The effect leads to inhibition of lipid oxidation in ischemic areas of the myocardium, a decrease in the sensitivity of the myocardium to catecholamines, prevention of progressive suppression of the contractile function of the heart, stabilization and reduction, respectively, of the necrosis zone and myocardial ischemia.
Improving the metabolic processes of the myocardium, increasing its contractility, promoting the normalization of the heart rate allows us to recommend a drug for treating patients with various forms of coronary heart disease.
In parallel with the use of the drug in cardiology, it is used in the treatment of diseases of the liver and other internal organs, given its high hepatoprotective properties. Morpholinium salt of thiazotonic acid prevents the destruction of hepatocytes, reduces the degree of fatty infiltration and the spread of centrolobular liver necrosis, promotes the processes of reparative regeneration of hepatocytes, normalizes protein, carbohydrate, lipid and pigment metabolism in them. It also increases the rate of synthesis and excretion of bile, normalizes its chemical composition.
Pharmacokinetics.
When administered, the maximum concentration of morpholinium salt of thiazotonic acid in blood plasma is reached after 0.84 hours, with intravenous salt after 0.1 hours. Binding with blood proteins is not more than 10%. Accumulated mainly in the kidneys - 31%, as well as in large quantities in the large intestine, heart, spleen, least of all - in the small intestine and lungs (1-2%).
Indications
In the complex treatment of coronary heart disease: angina pectoris, myocardial infarction, postinfarction cardiosclerosis.

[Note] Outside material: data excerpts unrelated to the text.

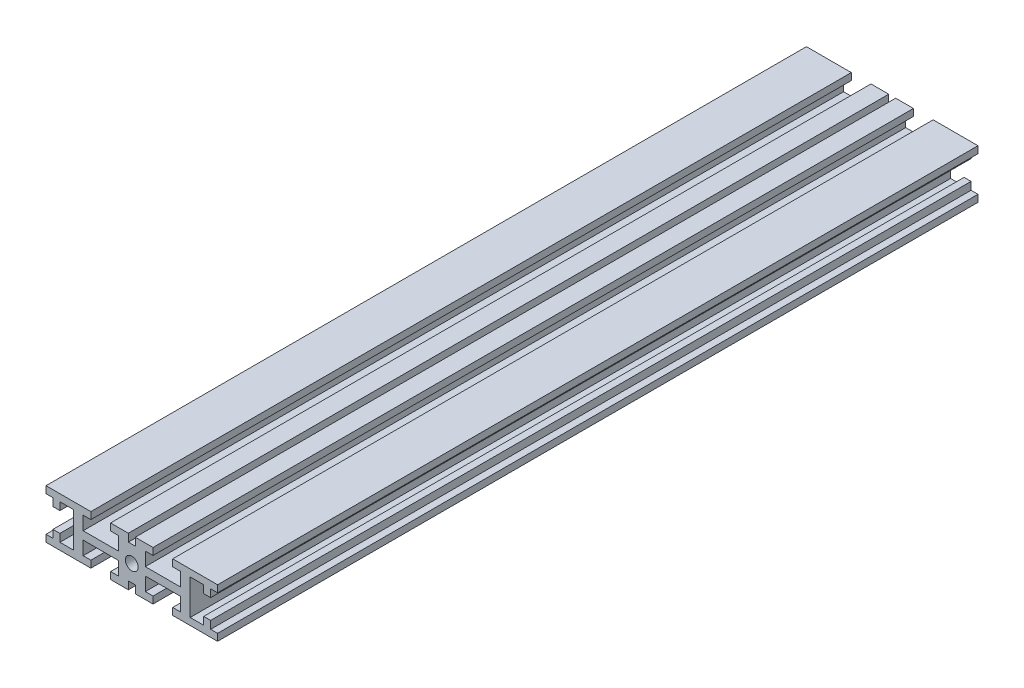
ISO-10303-21;
HEADER;
FILE_DESCRIPTION(('STEP AP214'),'2;1');
FILE_NAME('part.step','',(''),(''),'','','');
FILE_SCHEMA(('AUTOMOTIVE_DESIGN { 1 0 10303 214 1 1 1 1 }'));
ENDSEC;
DATA;
#1=APPLICATION_CONTEXT('core data for automotive mechanical design processes');
#2=APPLICATION_PROTOCOL_DEFINITION('international standard','automotive_design',2000,#1);
#3=PRODUCT_CONTEXT('',#1,'mechanical');
#4=PRODUCT('Part','Part','',(#3));
#5=PRODUCT_RELATED_PRODUCT_CATEGORY('part','',(#4));
#6=PRODUCT_DEFINITION_FORMATION('','',#4);
#7=PRODUCT_DEFINITION_CONTEXT('part definition',#1,'design');
#8=PRODUCT_DEFINITION('design','',#6,#7);
#9=PRODUCT_DEFINITION_SHAPE('','',#8);
#10=(LENGTH_UNIT() NAMED_UNIT(*) SI_UNIT(.MILLI.,.METRE.));
#11=(NAMED_UNIT(*) PLANE_ANGLE_UNIT() SI_UNIT($,.RADIAN.));
#12=(NAMED_UNIT(*) SI_UNIT($,.STERADIAN.) SOLID_ANGLE_UNIT());
#13=UNCERTAINTY_MEASURE_WITH_UNIT(LENGTH_MEASURE(1.E-05),#10,'distance_accuracy_value','');
#14=(GEOMETRIC_REPRESENTATION_CONTEXT(3) GLOBAL_UNCERTAINTY_ASSIGNED_CONTEXT((#13)) GLOBAL_UNIT_ASSIGNED_CONTEXT((#10,
#11,#12)) REPRESENTATION_CONTEXT('',''));
#15=CARTESIAN_POINT('',(0.,0.,0.));
#16=DIRECTION('',(0.,0.,1.));
#17=DIRECTION('',(1.,0.,0.));
#18=AXIS2_PLACEMENT_3D('',#15,#16,#17);
#19=CARTESIAN_POINT('',(5.5,6.35,197.));
#20=DIRECTION('',(0.,-1.,0.));
#21=DIRECTION('',(0.,0.,-1.));
#22=AXIS2_PLACEMENT_3D('',#19,#20,#21);
#23=PLANE('',#22);
#24=DIRECTION('',(-1.,0.,0.));
#25=VECTOR('',#24,1.);
#26=CARTESIAN_POINT('',(5.5,6.35,0.));
#27=LINE('',#26,#25);
#28=CARTESIAN_POINT('',(5.5,6.35,0.));
#29=VERTEX_POINT('',#28);
#30=CARTESIAN_POINT('',(0.9,6.35,0.));
#31=VERTEX_POINT('',#30);
#32=EDGE_CURVE('E479',#29,#31,#27,.T.);
#33=ORIENTED_EDGE('',*,*,#32,.T.);
#34=DIRECTION('',(0.,0.,1.));
#35=VECTOR('',#34,1.);
#36=CARTESIAN_POINT('',(0.9,6.35,0.));
#37=LINE('',#36,#35);
#38=CARTESIAN_POINT('',(0.9,6.35,197.));
#39=VERTEX_POINT('',#38);
#40=EDGE_CURVE('E460',#31,#39,#37,.T.);
#41=ORIENTED_EDGE('',*,*,#40,.T.);
#42=DIRECTION('',(-1.,0.,0.));
#43=VECTOR('',#42,1.);
#44=CARTESIAN_POINT('',(5.5,6.35,197.));
#45=LINE('',#44,#43);
#46=CARTESIAN_POINT('',(5.5,6.35,197.));
#47=VERTEX_POINT('',#46);
#48=EDGE_CURVE('E821',#47,#39,#45,.T.);
#49=ORIENTED_EDGE('',*,*,#48,.F.);
#50=DIRECTION('',(0.,0.,-1.));
#51=VECTOR('',#50,1.);
#52=CARTESIAN_POINT('',(5.5,6.35,197.));
#53=LINE('',#52,#51);
#54=EDGE_CURVE('E485',#47,#29,#53,.T.);
#55=ORIENTED_EDGE('',*,*,#54,.T.);
#56=EDGE_LOOP('',(#33,#41,#49,#55));
#57=FACE_BOUND('',#56,.T.);
#58=ADVANCED_FACE('F35',(#57),#23,.F.);
#59=CARTESIAN_POINT('',(-5.5,-6.35,197.));
#60=DIRECTION('',(0.,1.,0.));
#61=DIRECTION('',(-1.,0.,0.));
#62=AXIS2_PLACEMENT_3D('',#59,#60,#61);
#63=PLANE('',#62);
#64=DIRECTION('',(1.,0.,0.));
#65=VECTOR('',#64,1.);
#66=CARTESIAN_POINT('',(-5.5,-6.35,0.));
#67=LINE('',#66,#65);
#68=CARTESIAN_POINT('',(-5.5,-6.35,0.));
#69=VERTEX_POINT('',#68);
#70=CARTESIAN_POINT('',(-0.899999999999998,-6.35,0.));
#71=VERTEX_POINT('',#70);
#72=EDGE_CURVE('E737',#69,#71,#67,.T.);
#73=ORIENTED_EDGE('',*,*,#72,.T.);
#74=DIRECTION('',(0.,0.,1.));
#75=VECTOR('',#74,1.);
#76=CARTESIAN_POINT('',(-0.899999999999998,-6.35,0.));
#77=LINE('',#76,#75);
#78=CARTESIAN_POINT('',(-0.899999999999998,-6.35,197.));
#79=VERTEX_POINT('',#78);
#80=EDGE_CURVE('E1083',#71,#79,#77,.T.);
#81=ORIENTED_EDGE('',*,*,#80,.T.);
#82=DIRECTION('',(1.,0.,0.));
#83=VECTOR('',#82,1.);
#84=CARTESIAN_POINT('',(-5.5,-6.35,197.));
#85=LINE('',#84,#83);
#86=CARTESIAN_POINT('',(-5.5,-6.35,197.));
#87=VERTEX_POINT('',#86);
#88=EDGE_CURVE('E892',#87,#79,#85,.T.);
#89=ORIENTED_EDGE('',*,*,#88,.F.);
#90=DIRECTION('',(0.,0.,-1.));
#91=VECTOR('',#90,1.);
#92=CARTESIAN_POINT('',(-5.5,-6.35,197.));
#93=LINE('',#92,#91);
#94=EDGE_CURVE('E680',#87,#69,#93,.T.);
#95=ORIENTED_EDGE('',*,*,#94,.T.);
#96=EDGE_LOOP('',(#73,#81,#89,#95));
#97=FACE_BOUND('',#96,.T.);
#98=ADVANCED_FACE('F1142',(#97),#63,.F.);
#99=CARTESIAN_POINT('',(0.,0.,197.));
#100=DIRECTION('',(0.,0.,-1.));
#101=DIRECTION('',(-1.,0.,0.));
#102=AXIS2_PLACEMENT_3D('',#99,#100,#101);
#103=PLANE('',#102);
#104=ORIENTED_EDGE('',*,*,#48,.T.);
#105=DIRECTION('',(0.,1.,0.));
#106=VECTOR('',#105,1.);
#107=CARTESIAN_POINT('',(0.9,6.35,197.));
#108=LINE('',#107,#106);
#109=CARTESIAN_POINT('',(0.9,4.35,197.));
#110=VERTEX_POINT('',#109);
#111=EDGE_CURVE('E466',#110,#39,#108,.T.);
#112=ORIENTED_EDGE('',*,*,#111,.F.);
#113=DIRECTION('',(1.,0.,0.));
#114=VECTOR('',#113,1.);
#115=CARTESIAN_POINT('',(0.9,4.35,197.));
#116=LINE('',#115,#114);
#117=CARTESIAN_POINT('',(-0.9,4.35,197.));
#118=VERTEX_POINT('',#117);
#119=EDGE_CURVE('E481',#118,#110,#116,.T.);
#120=ORIENTED_EDGE('',*,*,#119,.F.);
#121=DIRECTION('',(0.,-1.,0.));
#122=VECTOR('',#121,1.);
#123=CARTESIAN_POINT('',(-0.9,6.35,197.));
#124=LINE('',#123,#122);
#125=CARTESIAN_POINT('',(-0.9,6.35,197.));
#126=VERTEX_POINT('',#125);
#127=EDGE_CURVE('E1109',#126,#118,#124,.T.);
#128=ORIENTED_EDGE('',*,*,#127,.F.);
#129=CARTESIAN_POINT('',(-5.5,6.35,197.));
#130=VERTEX_POINT('',#129);
#131=EDGE_CURVE('E815',#126,#130,#45,.T.);
#132=ORIENTED_EDGE('',*,*,#131,.T.);
#133=DIRECTION('',(0.,-1.,0.));
#134=VECTOR('',#133,1.);
#135=CARTESIAN_POINT('',(-5.5,4.54999999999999,197.));
#136=LINE('',#135,#134);
#137=CARTESIAN_POINT('',(-5.5,4.54999999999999,197.));
#138=VERTEX_POINT('',#137);
#139=EDGE_CURVE('E823',#130,#138,#136,.T.);
#140=ORIENTED_EDGE('',*,*,#139,.T.);
#141=DIRECTION('',(1.,0.,0.));
#142=VECTOR('',#141,1.);
#143=CARTESIAN_POINT('',(-3.5,4.54999999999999,197.));
#144=LINE('',#143,#142);
#145=CARTESIAN_POINT('',(-3.5,4.54999999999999,197.));
#146=VERTEX_POINT('',#145);
#147=EDGE_CURVE('E825',#138,#146,#144,.T.);
#148=ORIENTED_EDGE('',*,*,#147,.T.);
#149=DIRECTION('',(0.,-1.,0.));
#150=VECTOR('',#149,1.);
#151=CARTESIAN_POINT('',(-3.5,4.54999999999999,197.));
#152=LINE('',#151,#150);
#153=CARTESIAN_POINT('',(-3.5,1.04999999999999,197.));
#154=VERTEX_POINT('',#153);
#155=EDGE_CURVE('E827',#146,#154,#152,.T.);
#156=ORIENTED_EDGE('',*,*,#155,.T.);
#157=DIRECTION('',(-1.,0.,0.));
#158=VECTOR('',#157,1.);
#159=CARTESIAN_POINT('',(-3.5,1.04999999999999,197.));
#160=LINE('',#159,#158);
#161=CARTESIAN_POINT('',(-12.6,1.04999999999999,197.));
#162=VERTEX_POINT('',#161);
#163=EDGE_CURVE('E829',#154,#162,#160,.T.);
#164=ORIENTED_EDGE('',*,*,#163,.T.);
#165=DIRECTION('',(0.,1.,0.));
#166=VECTOR('',#165,1.);
#167=CARTESIAN_POINT('',(-12.6,1.04999999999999,197.));
#168=LINE('',#167,#166);
#169=CARTESIAN_POINT('',(-12.6,4.55,197.));
#170=VERTEX_POINT('',#169);
#171=EDGE_CURVE('E831',#162,#170,#168,.T.);
#172=ORIENTED_EDGE('',*,*,#171,.T.);
#173=DIRECTION('',(1.,0.,0.));
#174=VECTOR('',#173,1.);
#175=CARTESIAN_POINT('',(-12.6,4.55,197.));
#176=LINE('',#175,#174);
#177=CARTESIAN_POINT('',(-10.6,4.55,197.));
#178=VERTEX_POINT('',#177);
#179=EDGE_CURVE('E833',#170,#178,#176,.T.);
#180=ORIENTED_EDGE('',*,*,#179,.T.);
#181=DIRECTION('',(0.,1.,0.));
#182=VECTOR('',#181,1.);
#183=CARTESIAN_POINT('',(-10.6,4.55,197.));
#184=LINE('',#183,#182);
#185=CARTESIAN_POINT('',(-10.6,6.35,197.));
#186=VERTEX_POINT('',#185);
#187=EDGE_CURVE('E835',#178,#186,#184,.T.);
#188=ORIENTED_EDGE('',*,*,#187,.T.);
#189=DIRECTION('',(-1.,0.,0.));
#190=VECTOR('',#189,1.);
#191=CARTESIAN_POINT('',(-10.6,6.35,197.));
#192=LINE('',#191,#190);
#193=CARTESIAN_POINT('',(-22.225,6.35,197.));
#194=VERTEX_POINT('',#193);
#195=EDGE_CURVE('E837',#186,#194,#192,.T.);
#196=ORIENTED_EDGE('',*,*,#195,.T.);
#197=DIRECTION('',(0.,-1.,0.));
#198=VECTOR('',#197,1.);
#199=CARTESIAN_POINT('',(-22.225,6.35,197.));
#200=LINE('',#199,#198);
#201=CARTESIAN_POINT('',(-22.225,4.55,197.));
#202=VERTEX_POINT('',#201);
#203=EDGE_CURVE('E839',#194,#202,#200,.T.);
#204=ORIENTED_EDGE('',*,*,#203,.T.);
#205=DIRECTION('',(1.,0.,0.));
#206=VECTOR('',#205,1.);
#207=CARTESIAN_POINT('',(-20.425,4.55,197.));
#208=LINE('',#207,#206);
#209=CARTESIAN_POINT('',(-20.425,4.55,197.));
#210=VERTEX_POINT('',#209);
#211=EDGE_CURVE('E841',#202,#210,#208,.T.);
#212=ORIENTED_EDGE('',*,*,#211,.T.);
#213=DIRECTION('',(0.,-1.,0.));
#214=VECTOR('',#213,1.);
#215=CARTESIAN_POINT('',(-20.425,2.55,197.));
#216=LINE('',#215,#214);
#217=CARTESIAN_POINT('',(-20.425,2.55,197.));
#218=VERTEX_POINT('',#217);
#219=EDGE_CURVE('E843',#210,#218,#216,.T.);
#220=ORIENTED_EDGE('',*,*,#219,.T.);
#221=DIRECTION('',(1.,0.,0.));
#222=VECTOR('',#221,1.);
#223=CARTESIAN_POINT('',(-18.625,2.55,197.));
#224=LINE('',#223,#222);
#225=CARTESIAN_POINT('',(-18.625,2.55,197.));
#226=VERTEX_POINT('',#225);
#227=EDGE_CURVE('E845',#218,#226,#224,.T.);
#228=ORIENTED_EDGE('',*,*,#227,.T.);
#229=DIRECTION('',(0.,1.,0.));
#230=VECTOR('',#229,1.);
#231=CARTESIAN_POINT('',(-18.625,4.55,197.));
#232=LINE('',#231,#230);
#233=CARTESIAN_POINT('',(-18.625,4.55,197.));
#234=VERTEX_POINT('',#233);
#235=EDGE_CURVE('E847',#226,#234,#232,.T.);
#236=ORIENTED_EDGE('',*,*,#235,.T.);
#237=DIRECTION('',(1.,0.,0.));
#238=VECTOR('',#237,1.);
#239=CARTESIAN_POINT('',(-15.125,4.55,197.));
#240=LINE('',#239,#238);
#241=CARTESIAN_POINT('',(-15.125,4.55,197.));
#242=VERTEX_POINT('',#241);
#243=EDGE_CURVE('E849',#234,#242,#240,.T.);
#244=ORIENTED_EDGE('',*,*,#243,.T.);
#245=DIRECTION('',(0.,-1.,0.));
#246=VECTOR('',#245,1.);
#247=CARTESIAN_POINT('',(-15.125,4.55,197.));
#248=LINE('',#247,#246);
#249=CARTESIAN_POINT('',(-15.125,-4.55,197.));
#250=VERTEX_POINT('',#249);
#251=EDGE_CURVE('E851',#242,#250,#248,.T.);
#252=ORIENTED_EDGE('',*,*,#251,.T.);
#253=DIRECTION('',(-1.,0.,0.));
#254=VECTOR('',#253,1.);
#255=CARTESIAN_POINT('',(-18.625,-4.55,197.));
#256=LINE('',#255,#254);
#257=CARTESIAN_POINT('',(-18.625,-4.55,197.));
#258=VERTEX_POINT('',#257);
#259=EDGE_CURVE('E853',#250,#258,#256,.T.);
#260=ORIENTED_EDGE('',*,*,#259,.T.);
#261=DIRECTION('',(0.,1.,0.));
#262=VECTOR('',#261,1.);
#263=CARTESIAN_POINT('',(-18.625,-4.55,197.));
#264=LINE('',#263,#262);
#265=CARTESIAN_POINT('',(-18.625,-2.55,197.));
#266=VERTEX_POINT('',#265);
#267=EDGE_CURVE('E855',#258,#266,#264,.T.);
#268=ORIENTED_EDGE('',*,*,#267,.T.);
#269=DIRECTION('',(-1.,0.,0.));
#270=VECTOR('',#269,1.);
#271=CARTESIAN_POINT('',(-18.625,-2.55,197.));
#272=LINE('',#271,#270);
#273=CARTESIAN_POINT('',(-20.425,-2.55,197.));
#274=VERTEX_POINT('',#273);
#275=EDGE_CURVE('E857',#266,#274,#272,.T.);
#276=ORIENTED_EDGE('',*,*,#275,.T.);
#277=DIRECTION('',(0.,-1.,0.));
#278=VECTOR('',#277,1.);
#279=CARTESIAN_POINT('',(-20.425,-2.55,197.));
#280=LINE('',#279,#278);
#281=CARTESIAN_POINT('',(-20.425,-4.55,197.));
#282=VERTEX_POINT('',#281);
#283=EDGE_CURVE('E535',#274,#282,#280,.T.);
#284=ORIENTED_EDGE('',*,*,#283,.T.);
#285=DIRECTION('',(-1.,0.,0.));
#286=VECTOR('',#285,1.);
#287=CARTESIAN_POINT('',(-20.425,-4.55,197.));
#288=LINE('',#287,#286);
#289=CARTESIAN_POINT('',(-22.225,-4.55,197.));
#290=VERTEX_POINT('',#289);
#291=EDGE_CURVE('E530',#282,#290,#288,.T.);
#292=ORIENTED_EDGE('',*,*,#291,.T.);
#293=DIRECTION('',(0.,-1.,0.));
#294=VECTOR('',#293,1.);
#295=CARTESIAN_POINT('',(-22.225,-6.35,197.));
#296=LINE('',#295,#294);
#297=CARTESIAN_POINT('',(-22.225,-6.35,197.));
#298=VERTEX_POINT('',#297);
#299=EDGE_CURVE('E874',#290,#298,#296,.T.);
#300=ORIENTED_EDGE('',*,*,#299,.T.);
#301=DIRECTION('',(1.,0.,0.));
#302=VECTOR('',#301,1.);
#303=CARTESIAN_POINT('',(-22.225,-6.35,197.));
#304=LINE('',#303,#302);
#305=CARTESIAN_POINT('',(-10.6,-6.35,197.));
#306=VERTEX_POINT('',#305);
#307=EDGE_CURVE('E711',#298,#306,#304,.T.);
#308=ORIENTED_EDGE('',*,*,#307,.T.);
#309=DIRECTION('',(0.,1.,0.));
#310=VECTOR('',#309,1.);
#311=CARTESIAN_POINT('',(-10.6,-4.55,197.));
#312=LINE('',#311,#310);
#313=CARTESIAN_POINT('',(-10.6,-4.55,197.));
#314=VERTEX_POINT('',#313);
#315=EDGE_CURVE('E877',#306,#314,#312,.T.);
#316=ORIENTED_EDGE('',*,*,#315,.T.);
#317=DIRECTION('',(-1.,0.,0.));
#318=VECTOR('',#317,1.);
#319=CARTESIAN_POINT('',(-12.6,-4.55,197.));
#320=LINE('',#319,#318);
#321=CARTESIAN_POINT('',(-12.6,-4.55,197.));
#322=VERTEX_POINT('',#321);
#323=EDGE_CURVE('E879',#314,#322,#320,.T.);
#324=ORIENTED_EDGE('',*,*,#323,.T.);
#325=DIRECTION('',(0.,1.,0.));
#326=VECTOR('',#325,1.);
#327=CARTESIAN_POINT('',(-12.6,-1.05,197.));
#328=LINE('',#327,#326);
#329=CARTESIAN_POINT('',(-12.6,-1.05,197.));
#330=VERTEX_POINT('',#329);
#331=EDGE_CURVE('E881',#322,#330,#328,.T.);
#332=ORIENTED_EDGE('',*,*,#331,.T.);
#333=DIRECTION('',(1.,0.,0.));
#334=VECTOR('',#333,1.);
#335=CARTESIAN_POINT('',(-3.5,-1.05,197.));
#336=LINE('',#335,#334);
#337=CARTESIAN_POINT('',(-3.5,-1.05,197.));
#338=VERTEX_POINT('',#337);
#339=EDGE_CURVE('E883',#330,#338,#336,.T.);
#340=ORIENTED_EDGE('',*,*,#339,.T.);
#341=DIRECTION('',(0.,-1.,0.));
#342=VECTOR('',#341,1.);
#343=CARTESIAN_POINT('',(-3.5,-4.55,197.));
#344=LINE('',#343,#342);
#345=CARTESIAN_POINT('',(-3.5,-4.55,197.));
#346=VERTEX_POINT('',#345);
#347=EDGE_CURVE('E885',#338,#346,#344,.T.);
#348=ORIENTED_EDGE('',*,*,#347,.T.);
#349=DIRECTION('',(-1.,0.,0.));
#350=VECTOR('',#349,1.);
#351=CARTESIAN_POINT('',(-5.5,-4.55,197.));
#352=LINE('',#351,#350);
#353=CARTESIAN_POINT('',(-5.5,-4.55,197.));
#354=VERTEX_POINT('',#353);
#355=EDGE_CURVE('E887',#346,#354,#352,.T.);
#356=ORIENTED_EDGE('',*,*,#355,.T.);
#357=DIRECTION('',(0.,-1.,0.));
#358=VECTOR('',#357,1.);
#359=CARTESIAN_POINT('',(-5.5,-4.55,197.));
#360=LINE('',#359,#358);
#361=EDGE_CURVE('E889',#354,#87,#360,.T.);
#362=ORIENTED_EDGE('',*,*,#361,.T.);
#363=ORIENTED_EDGE('',*,*,#88,.T.);
#364=DIRECTION('',(0.,-1.,0.));
#365=VECTOR('',#364,1.);
#366=CARTESIAN_POINT('',(-0.899999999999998,-6.35,197.));
#367=LINE('',#366,#365);
#368=CARTESIAN_POINT('',(-0.899999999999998,-4.35,197.));
#369=VERTEX_POINT('',#368);
#370=EDGE_CURVE('E1096',#369,#79,#367,.T.);
#371=ORIENTED_EDGE('',*,*,#370,.F.);
#372=DIRECTION('',(-1.,0.,0.));
#373=VECTOR('',#372,1.);
#374=CARTESIAN_POINT('',(-0.899999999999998,-4.35,197.));
#375=LINE('',#374,#373);
#376=CARTESIAN_POINT('',(0.900000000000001,-4.35,197.));
#377=VERTEX_POINT('',#376);
#378=EDGE_CURVE('E1090',#377,#369,#375,.T.);
#379=ORIENTED_EDGE('',*,*,#378,.F.);
#380=DIRECTION('',(0.,1.,0.));
#381=VECTOR('',#380,1.);
#382=CARTESIAN_POINT('',(0.900000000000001,-6.35,197.));
#383=LINE('',#382,#381);
#384=CARTESIAN_POINT('',(0.900000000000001,-6.35,197.));
#385=VERTEX_POINT('',#384);
#386=EDGE_CURVE('E1094',#385,#377,#383,.T.);
#387=ORIENTED_EDGE('',*,*,#386,.F.);
#388=CARTESIAN_POINT('',(5.5,-6.35,197.));
#389=VERTEX_POINT('',#388);
#390=EDGE_CURVE('E891',#385,#389,#85,.T.);
#391=ORIENTED_EDGE('',*,*,#390,.T.);
#392=DIRECTION('',(0.,1.,0.));
#393=VECTOR('',#392,1.);
#394=CARTESIAN_POINT('',(5.5,-4.55,197.));
#395=LINE('',#394,#393);
#396=CARTESIAN_POINT('',(5.5,-4.55,197.));
#397=VERTEX_POINT('',#396);
#398=EDGE_CURVE('E895',#389,#397,#395,.T.);
#399=ORIENTED_EDGE('',*,*,#398,.T.);
#400=DIRECTION('',(-1.,0.,0.));
#401=VECTOR('',#400,1.);
#402=CARTESIAN_POINT('',(5.5,-4.55,197.));
#403=LINE('',#402,#401);
#404=CARTESIAN_POINT('',(3.5,-4.55,197.));
#405=VERTEX_POINT('',#404);
#406=EDGE_CURVE('E897',#397,#405,#403,.T.);
#407=ORIENTED_EDGE('',*,*,#406,.T.);
#408=DIRECTION('',(0.,1.,0.));
#409=VECTOR('',#408,1.);
#410=CARTESIAN_POINT('',(3.5,-4.55,197.));
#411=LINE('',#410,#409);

As an additional tool in the therapy of cardiac arrhythmias.
In the complex treatment of chronic hepatitis, alcoholic hepatitis, fibrosis and cirrhosis of the liver.
Contraindications
Hypersensitivity to the active ingredient or other components of the drug.
Interaction with other drugs and other interactions
As a cardio-and hepatoprotective drug can be used in combination with basic means of therapy of coronary heart disease and combine with traditional methods of treatment of hepatitis of the corresponding etiology.
Application features
Use during pregnancy and lactation
There is insufficient experience in the use of the drug during pregnancy and lactation.
The ability to influence the reaction rate when driving vehicles or other mechanisms
In case of adverse reactions from the central and peripheral nervous system, care must be taken when driving vehicles and working with other mechanisms.
Dosing and Administration
For myocardial infarction and unstable angina pectoris, administer the drug slowly at 4 ml 25 mg / ml (100 mg) at a rate of 2 ml / min or intravenously drip at a rate of 20-30 drops per minute (4 ml of a solution of 25 mg / ml diluted in 150 -250 ml 0.9% solution of sodium chloride) or administered intramuscularly 4 ml 25 mg / ml (100 mg) 2-3 times a day. The course of treatment is 14 days.
With stenocardia of tension and rest and postinfarction cardiosclerosis, the drug should be administered intramuscularly 2 ml 25 mg / ml 3 times a day. The course of treatment is 20-30 days.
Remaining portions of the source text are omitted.